The problem:
Where does the word "font" occur in the data below? Copy each line that holds it.
*** Records for processing ***
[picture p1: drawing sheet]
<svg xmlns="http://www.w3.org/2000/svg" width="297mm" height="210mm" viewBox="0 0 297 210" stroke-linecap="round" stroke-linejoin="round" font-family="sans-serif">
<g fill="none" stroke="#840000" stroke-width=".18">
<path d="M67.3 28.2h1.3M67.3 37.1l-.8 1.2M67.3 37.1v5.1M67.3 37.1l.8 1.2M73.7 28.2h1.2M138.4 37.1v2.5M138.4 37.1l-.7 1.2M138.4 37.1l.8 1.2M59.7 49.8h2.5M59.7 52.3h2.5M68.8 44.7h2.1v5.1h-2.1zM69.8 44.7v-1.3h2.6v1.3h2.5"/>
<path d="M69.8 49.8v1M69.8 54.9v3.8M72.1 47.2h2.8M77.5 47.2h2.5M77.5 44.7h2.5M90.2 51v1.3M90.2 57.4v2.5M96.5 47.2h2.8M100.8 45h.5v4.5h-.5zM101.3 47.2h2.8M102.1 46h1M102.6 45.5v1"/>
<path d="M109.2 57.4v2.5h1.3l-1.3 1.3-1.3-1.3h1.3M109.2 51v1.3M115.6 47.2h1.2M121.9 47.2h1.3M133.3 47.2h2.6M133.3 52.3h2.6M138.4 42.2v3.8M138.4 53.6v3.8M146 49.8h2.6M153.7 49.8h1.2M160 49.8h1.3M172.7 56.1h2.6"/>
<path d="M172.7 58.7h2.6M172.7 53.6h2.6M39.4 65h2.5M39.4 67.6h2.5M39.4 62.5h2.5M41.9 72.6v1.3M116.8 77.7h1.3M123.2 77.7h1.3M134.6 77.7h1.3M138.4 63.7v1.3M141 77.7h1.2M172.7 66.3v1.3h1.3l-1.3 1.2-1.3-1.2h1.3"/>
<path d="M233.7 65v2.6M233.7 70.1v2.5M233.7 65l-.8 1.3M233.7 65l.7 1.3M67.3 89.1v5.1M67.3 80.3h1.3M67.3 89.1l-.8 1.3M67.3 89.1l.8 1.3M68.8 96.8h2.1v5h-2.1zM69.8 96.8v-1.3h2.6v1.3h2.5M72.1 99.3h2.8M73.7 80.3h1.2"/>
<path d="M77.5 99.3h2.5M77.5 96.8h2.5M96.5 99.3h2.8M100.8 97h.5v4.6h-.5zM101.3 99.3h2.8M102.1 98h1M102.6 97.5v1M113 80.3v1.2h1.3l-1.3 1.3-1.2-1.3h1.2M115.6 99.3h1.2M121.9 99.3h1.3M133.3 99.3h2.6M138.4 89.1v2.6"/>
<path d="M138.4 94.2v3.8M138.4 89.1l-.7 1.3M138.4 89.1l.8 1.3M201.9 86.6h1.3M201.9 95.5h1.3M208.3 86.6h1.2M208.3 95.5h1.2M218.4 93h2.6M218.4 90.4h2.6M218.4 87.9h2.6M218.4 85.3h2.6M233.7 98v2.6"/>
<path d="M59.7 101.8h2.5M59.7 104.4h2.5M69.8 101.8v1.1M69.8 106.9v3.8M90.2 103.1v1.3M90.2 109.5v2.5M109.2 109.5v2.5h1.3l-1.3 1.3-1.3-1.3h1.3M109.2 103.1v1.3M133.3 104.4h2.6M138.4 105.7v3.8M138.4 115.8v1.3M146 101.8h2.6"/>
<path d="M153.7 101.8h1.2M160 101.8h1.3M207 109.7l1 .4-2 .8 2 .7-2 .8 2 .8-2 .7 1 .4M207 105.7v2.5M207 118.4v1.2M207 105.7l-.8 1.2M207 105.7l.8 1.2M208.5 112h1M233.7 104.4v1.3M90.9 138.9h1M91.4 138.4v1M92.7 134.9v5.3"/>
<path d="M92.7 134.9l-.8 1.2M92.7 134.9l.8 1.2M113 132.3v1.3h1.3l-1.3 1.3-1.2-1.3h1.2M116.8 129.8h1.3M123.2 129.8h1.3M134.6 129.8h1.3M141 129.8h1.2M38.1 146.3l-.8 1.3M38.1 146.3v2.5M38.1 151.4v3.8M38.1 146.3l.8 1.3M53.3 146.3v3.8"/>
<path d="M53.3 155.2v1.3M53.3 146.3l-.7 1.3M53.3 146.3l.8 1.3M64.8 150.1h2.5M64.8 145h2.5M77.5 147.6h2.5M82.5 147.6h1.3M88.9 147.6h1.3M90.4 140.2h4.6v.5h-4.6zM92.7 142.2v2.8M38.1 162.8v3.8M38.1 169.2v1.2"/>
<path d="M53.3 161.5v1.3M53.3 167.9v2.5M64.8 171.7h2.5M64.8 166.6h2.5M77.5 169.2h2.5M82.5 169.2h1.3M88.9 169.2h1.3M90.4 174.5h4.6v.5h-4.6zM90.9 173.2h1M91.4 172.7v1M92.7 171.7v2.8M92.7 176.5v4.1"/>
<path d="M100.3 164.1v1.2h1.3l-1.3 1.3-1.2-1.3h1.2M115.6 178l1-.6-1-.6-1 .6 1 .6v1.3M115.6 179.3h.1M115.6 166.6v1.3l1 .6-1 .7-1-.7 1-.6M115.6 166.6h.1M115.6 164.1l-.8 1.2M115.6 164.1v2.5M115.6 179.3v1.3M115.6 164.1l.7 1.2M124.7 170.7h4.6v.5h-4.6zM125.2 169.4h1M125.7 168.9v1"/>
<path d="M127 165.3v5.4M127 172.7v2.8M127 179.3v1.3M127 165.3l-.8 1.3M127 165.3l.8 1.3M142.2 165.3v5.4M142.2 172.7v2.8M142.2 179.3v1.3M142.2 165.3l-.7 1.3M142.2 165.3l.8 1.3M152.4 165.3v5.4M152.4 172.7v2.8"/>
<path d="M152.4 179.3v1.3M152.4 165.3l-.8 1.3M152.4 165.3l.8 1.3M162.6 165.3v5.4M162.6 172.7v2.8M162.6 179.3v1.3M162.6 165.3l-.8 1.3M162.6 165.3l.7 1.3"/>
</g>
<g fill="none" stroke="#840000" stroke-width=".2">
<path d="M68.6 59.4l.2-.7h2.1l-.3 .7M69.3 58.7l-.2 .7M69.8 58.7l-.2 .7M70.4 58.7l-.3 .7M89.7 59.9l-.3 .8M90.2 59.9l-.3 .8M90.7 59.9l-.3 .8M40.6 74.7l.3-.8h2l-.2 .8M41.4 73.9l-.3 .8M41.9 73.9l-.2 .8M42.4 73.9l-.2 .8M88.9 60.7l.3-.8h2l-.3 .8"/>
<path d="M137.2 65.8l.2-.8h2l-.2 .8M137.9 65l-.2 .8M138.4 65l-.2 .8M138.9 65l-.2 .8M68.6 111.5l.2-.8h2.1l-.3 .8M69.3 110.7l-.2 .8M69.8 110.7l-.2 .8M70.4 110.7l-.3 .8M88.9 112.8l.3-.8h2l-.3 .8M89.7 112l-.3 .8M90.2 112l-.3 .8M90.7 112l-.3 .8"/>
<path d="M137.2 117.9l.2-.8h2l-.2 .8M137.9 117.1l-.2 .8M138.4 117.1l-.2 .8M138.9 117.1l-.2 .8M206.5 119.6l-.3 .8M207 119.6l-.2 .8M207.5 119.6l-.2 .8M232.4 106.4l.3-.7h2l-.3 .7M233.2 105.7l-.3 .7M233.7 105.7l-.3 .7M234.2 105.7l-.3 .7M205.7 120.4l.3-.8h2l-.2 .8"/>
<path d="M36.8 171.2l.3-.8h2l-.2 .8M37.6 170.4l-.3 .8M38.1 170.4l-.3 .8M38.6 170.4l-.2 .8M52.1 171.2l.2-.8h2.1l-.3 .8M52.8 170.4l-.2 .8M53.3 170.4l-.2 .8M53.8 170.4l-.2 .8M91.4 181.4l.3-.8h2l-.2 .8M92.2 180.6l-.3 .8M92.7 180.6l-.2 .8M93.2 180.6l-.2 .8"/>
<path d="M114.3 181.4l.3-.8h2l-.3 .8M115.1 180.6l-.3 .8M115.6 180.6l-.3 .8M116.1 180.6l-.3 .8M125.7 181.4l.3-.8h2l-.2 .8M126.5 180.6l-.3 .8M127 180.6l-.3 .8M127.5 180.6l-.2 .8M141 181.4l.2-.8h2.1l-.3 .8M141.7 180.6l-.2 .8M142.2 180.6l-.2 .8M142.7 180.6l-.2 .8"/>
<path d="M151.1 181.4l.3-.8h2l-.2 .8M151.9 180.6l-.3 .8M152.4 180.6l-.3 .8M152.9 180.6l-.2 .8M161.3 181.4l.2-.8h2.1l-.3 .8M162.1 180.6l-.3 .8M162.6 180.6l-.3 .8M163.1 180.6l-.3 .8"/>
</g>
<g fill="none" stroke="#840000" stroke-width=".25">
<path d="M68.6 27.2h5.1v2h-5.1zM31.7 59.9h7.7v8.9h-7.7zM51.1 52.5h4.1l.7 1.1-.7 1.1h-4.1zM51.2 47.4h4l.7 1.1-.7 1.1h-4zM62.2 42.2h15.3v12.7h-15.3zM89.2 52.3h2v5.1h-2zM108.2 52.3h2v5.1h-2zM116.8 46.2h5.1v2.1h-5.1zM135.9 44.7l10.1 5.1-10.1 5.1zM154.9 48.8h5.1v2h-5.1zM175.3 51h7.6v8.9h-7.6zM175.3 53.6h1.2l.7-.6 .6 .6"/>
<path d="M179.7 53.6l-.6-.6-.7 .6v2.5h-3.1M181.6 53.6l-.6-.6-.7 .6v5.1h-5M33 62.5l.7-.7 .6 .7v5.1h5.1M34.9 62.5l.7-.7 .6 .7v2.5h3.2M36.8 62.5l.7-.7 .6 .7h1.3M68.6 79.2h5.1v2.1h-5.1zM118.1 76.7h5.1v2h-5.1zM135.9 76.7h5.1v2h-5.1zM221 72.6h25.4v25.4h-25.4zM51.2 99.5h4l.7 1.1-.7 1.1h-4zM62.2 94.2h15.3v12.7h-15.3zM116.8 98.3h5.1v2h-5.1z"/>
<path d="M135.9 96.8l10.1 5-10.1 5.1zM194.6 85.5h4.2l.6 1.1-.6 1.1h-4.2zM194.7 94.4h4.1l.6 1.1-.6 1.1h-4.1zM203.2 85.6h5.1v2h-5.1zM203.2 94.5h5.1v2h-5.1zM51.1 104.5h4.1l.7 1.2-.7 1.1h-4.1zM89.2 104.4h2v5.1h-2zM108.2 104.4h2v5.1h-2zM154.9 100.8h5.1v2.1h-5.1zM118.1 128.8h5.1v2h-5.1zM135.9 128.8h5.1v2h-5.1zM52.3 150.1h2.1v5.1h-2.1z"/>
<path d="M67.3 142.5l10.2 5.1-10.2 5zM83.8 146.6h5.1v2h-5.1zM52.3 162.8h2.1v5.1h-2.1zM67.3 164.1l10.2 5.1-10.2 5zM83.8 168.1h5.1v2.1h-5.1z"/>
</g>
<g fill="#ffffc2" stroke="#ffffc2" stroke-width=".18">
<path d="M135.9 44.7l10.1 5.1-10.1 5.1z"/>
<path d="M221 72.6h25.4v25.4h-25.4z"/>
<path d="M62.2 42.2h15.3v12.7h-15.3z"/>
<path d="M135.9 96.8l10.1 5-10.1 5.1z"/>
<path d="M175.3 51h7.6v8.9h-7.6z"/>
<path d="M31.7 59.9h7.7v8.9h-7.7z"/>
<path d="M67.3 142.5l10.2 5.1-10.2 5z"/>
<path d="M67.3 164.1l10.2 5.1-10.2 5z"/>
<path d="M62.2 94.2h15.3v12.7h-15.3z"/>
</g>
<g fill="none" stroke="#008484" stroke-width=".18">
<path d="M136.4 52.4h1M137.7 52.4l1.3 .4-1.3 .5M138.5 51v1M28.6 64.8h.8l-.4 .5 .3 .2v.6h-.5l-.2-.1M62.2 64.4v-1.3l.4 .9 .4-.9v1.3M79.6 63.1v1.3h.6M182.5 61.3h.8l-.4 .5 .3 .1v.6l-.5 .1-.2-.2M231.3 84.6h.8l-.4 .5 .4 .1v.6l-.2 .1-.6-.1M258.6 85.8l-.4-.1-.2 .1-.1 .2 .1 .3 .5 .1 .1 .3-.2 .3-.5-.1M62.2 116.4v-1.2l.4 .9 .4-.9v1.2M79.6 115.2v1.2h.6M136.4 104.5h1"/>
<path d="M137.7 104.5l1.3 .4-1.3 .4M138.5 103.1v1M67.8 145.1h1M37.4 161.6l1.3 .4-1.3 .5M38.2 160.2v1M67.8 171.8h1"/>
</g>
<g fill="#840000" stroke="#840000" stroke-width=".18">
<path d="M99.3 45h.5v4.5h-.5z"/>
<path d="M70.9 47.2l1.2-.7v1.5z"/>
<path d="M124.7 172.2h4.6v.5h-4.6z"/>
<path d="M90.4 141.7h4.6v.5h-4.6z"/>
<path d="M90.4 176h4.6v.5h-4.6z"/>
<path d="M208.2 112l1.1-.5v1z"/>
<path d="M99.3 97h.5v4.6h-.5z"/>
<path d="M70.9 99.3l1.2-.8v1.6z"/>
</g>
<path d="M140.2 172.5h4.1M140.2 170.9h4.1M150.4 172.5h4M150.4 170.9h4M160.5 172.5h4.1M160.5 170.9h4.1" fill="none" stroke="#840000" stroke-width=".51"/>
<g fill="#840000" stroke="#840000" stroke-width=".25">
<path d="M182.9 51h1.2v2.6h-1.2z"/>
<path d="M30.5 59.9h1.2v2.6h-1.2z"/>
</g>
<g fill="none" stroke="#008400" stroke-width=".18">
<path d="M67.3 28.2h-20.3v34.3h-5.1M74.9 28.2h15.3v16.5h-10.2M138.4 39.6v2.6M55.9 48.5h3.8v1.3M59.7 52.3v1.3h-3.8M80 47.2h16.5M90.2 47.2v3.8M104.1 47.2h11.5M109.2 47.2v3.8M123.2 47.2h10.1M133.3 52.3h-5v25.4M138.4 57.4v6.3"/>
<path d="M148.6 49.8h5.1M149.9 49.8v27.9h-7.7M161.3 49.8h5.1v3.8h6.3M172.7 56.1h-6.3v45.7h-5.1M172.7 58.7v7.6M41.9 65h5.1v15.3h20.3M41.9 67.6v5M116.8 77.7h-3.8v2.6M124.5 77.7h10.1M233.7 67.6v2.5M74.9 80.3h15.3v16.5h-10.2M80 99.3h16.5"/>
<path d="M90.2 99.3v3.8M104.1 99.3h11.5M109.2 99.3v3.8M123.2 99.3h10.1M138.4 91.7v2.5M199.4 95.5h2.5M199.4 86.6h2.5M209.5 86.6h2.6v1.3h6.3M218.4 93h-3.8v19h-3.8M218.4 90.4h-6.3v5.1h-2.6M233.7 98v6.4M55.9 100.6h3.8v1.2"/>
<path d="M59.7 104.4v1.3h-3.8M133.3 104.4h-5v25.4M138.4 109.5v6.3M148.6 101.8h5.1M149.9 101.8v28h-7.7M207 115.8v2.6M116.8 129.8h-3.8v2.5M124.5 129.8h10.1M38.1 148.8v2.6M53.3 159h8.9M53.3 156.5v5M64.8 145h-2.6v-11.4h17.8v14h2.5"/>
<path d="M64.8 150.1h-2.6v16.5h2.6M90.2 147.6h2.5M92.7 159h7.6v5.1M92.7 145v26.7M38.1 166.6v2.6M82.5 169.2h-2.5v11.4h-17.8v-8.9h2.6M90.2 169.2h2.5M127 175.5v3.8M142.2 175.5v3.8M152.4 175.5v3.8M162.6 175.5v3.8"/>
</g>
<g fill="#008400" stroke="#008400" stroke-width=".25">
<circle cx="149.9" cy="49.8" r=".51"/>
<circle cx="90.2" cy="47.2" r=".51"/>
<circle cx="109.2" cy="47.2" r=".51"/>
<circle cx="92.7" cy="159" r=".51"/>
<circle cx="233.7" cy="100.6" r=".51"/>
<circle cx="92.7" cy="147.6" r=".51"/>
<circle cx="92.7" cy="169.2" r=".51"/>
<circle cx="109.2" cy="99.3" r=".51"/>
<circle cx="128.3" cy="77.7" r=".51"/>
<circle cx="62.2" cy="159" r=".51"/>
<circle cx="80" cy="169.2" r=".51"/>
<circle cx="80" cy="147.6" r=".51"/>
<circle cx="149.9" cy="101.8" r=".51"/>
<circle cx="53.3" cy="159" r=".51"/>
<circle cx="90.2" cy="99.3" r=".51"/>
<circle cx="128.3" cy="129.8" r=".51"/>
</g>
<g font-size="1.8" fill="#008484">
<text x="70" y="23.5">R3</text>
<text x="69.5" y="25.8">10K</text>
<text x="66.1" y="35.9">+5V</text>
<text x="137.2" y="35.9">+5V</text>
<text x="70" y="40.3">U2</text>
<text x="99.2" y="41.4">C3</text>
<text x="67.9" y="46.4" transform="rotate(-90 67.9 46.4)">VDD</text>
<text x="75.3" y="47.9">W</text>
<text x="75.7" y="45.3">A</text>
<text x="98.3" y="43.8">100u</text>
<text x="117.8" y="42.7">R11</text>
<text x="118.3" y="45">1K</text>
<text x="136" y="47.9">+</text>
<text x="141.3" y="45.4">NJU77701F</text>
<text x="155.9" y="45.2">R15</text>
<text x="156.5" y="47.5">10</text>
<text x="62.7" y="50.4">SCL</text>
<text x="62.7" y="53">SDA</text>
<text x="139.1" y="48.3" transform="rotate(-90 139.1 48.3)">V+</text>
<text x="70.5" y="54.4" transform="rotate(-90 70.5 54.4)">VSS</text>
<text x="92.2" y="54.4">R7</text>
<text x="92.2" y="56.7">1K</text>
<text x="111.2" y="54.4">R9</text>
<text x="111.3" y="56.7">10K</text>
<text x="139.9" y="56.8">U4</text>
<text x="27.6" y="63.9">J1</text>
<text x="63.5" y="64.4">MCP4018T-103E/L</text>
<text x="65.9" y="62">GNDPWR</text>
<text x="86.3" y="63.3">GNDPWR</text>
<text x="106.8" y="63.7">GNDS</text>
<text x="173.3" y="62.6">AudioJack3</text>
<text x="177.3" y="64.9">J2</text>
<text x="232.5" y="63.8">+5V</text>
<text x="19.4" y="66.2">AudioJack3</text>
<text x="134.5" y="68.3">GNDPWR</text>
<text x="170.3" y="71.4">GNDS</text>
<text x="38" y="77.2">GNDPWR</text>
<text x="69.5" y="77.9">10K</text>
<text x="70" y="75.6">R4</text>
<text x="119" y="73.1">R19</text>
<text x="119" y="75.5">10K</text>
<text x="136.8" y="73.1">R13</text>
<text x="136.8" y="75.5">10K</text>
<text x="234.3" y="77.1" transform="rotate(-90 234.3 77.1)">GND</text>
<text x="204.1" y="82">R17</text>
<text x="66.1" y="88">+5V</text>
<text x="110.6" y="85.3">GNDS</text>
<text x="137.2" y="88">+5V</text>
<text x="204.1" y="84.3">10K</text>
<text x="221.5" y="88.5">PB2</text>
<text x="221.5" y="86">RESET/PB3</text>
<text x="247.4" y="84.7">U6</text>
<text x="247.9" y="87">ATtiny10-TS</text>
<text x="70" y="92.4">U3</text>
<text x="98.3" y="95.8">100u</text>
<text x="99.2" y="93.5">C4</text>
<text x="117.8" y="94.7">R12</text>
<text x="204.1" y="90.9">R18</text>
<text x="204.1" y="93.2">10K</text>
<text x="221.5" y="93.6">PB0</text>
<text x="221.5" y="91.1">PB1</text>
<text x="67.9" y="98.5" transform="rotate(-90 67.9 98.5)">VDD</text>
*** End of Records for processing ***
Expected answer:
<svg xmlns="http://www.w3.org/2000/svg" width="297mm" height="210mm" viewBox="0 0 297 210" stroke-linecap="round" stroke-linejoin="round" font-family="sans-serif">
<g font-size="1.8" fill="#008484">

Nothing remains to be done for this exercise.